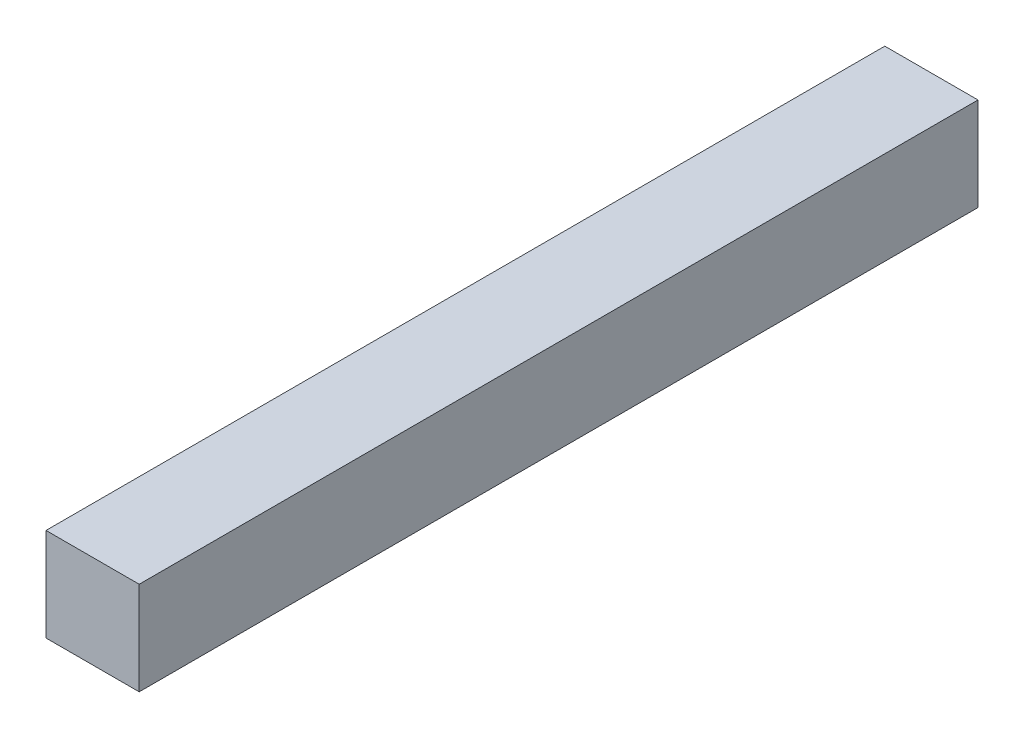
from build123d import *

# Parameters (mm, degrees)
SKETCH1_W           = 20
SKETCH1_H           = 20
BOSS_EXTRUDE1_DEPTH = 180


with BuildPart() as part:
    # Sketch1 → Boss-Extrude1 (new body)
    with BuildSketch(Plane.XY):
        Rectangle(SKETCH1_W, SKETCH1_H)
    extrude(amount=BOSS_EXTRUDE1_DEPTH)


solid = part.part

···

◆ Work item:
Print all the records exactly, minus any images.

◆ Answer section:
from build123d import *

# Parameters (mm, degrees)
SKETCH1_W           = 20
SKETCH1_H           = 20
BOSS_EXTRUDE1_DEPTH = 180


with BuildPart() as part:
    # Sketch1 → Boss-Extrude1 (new body)
    with BuildSketch(Plane.XY):
        Rectangle(SKETCH1_W, SKETCH1_H)
    extrude(amount=BOSS_EXTRUDE1_DEPTH)


solid = part.part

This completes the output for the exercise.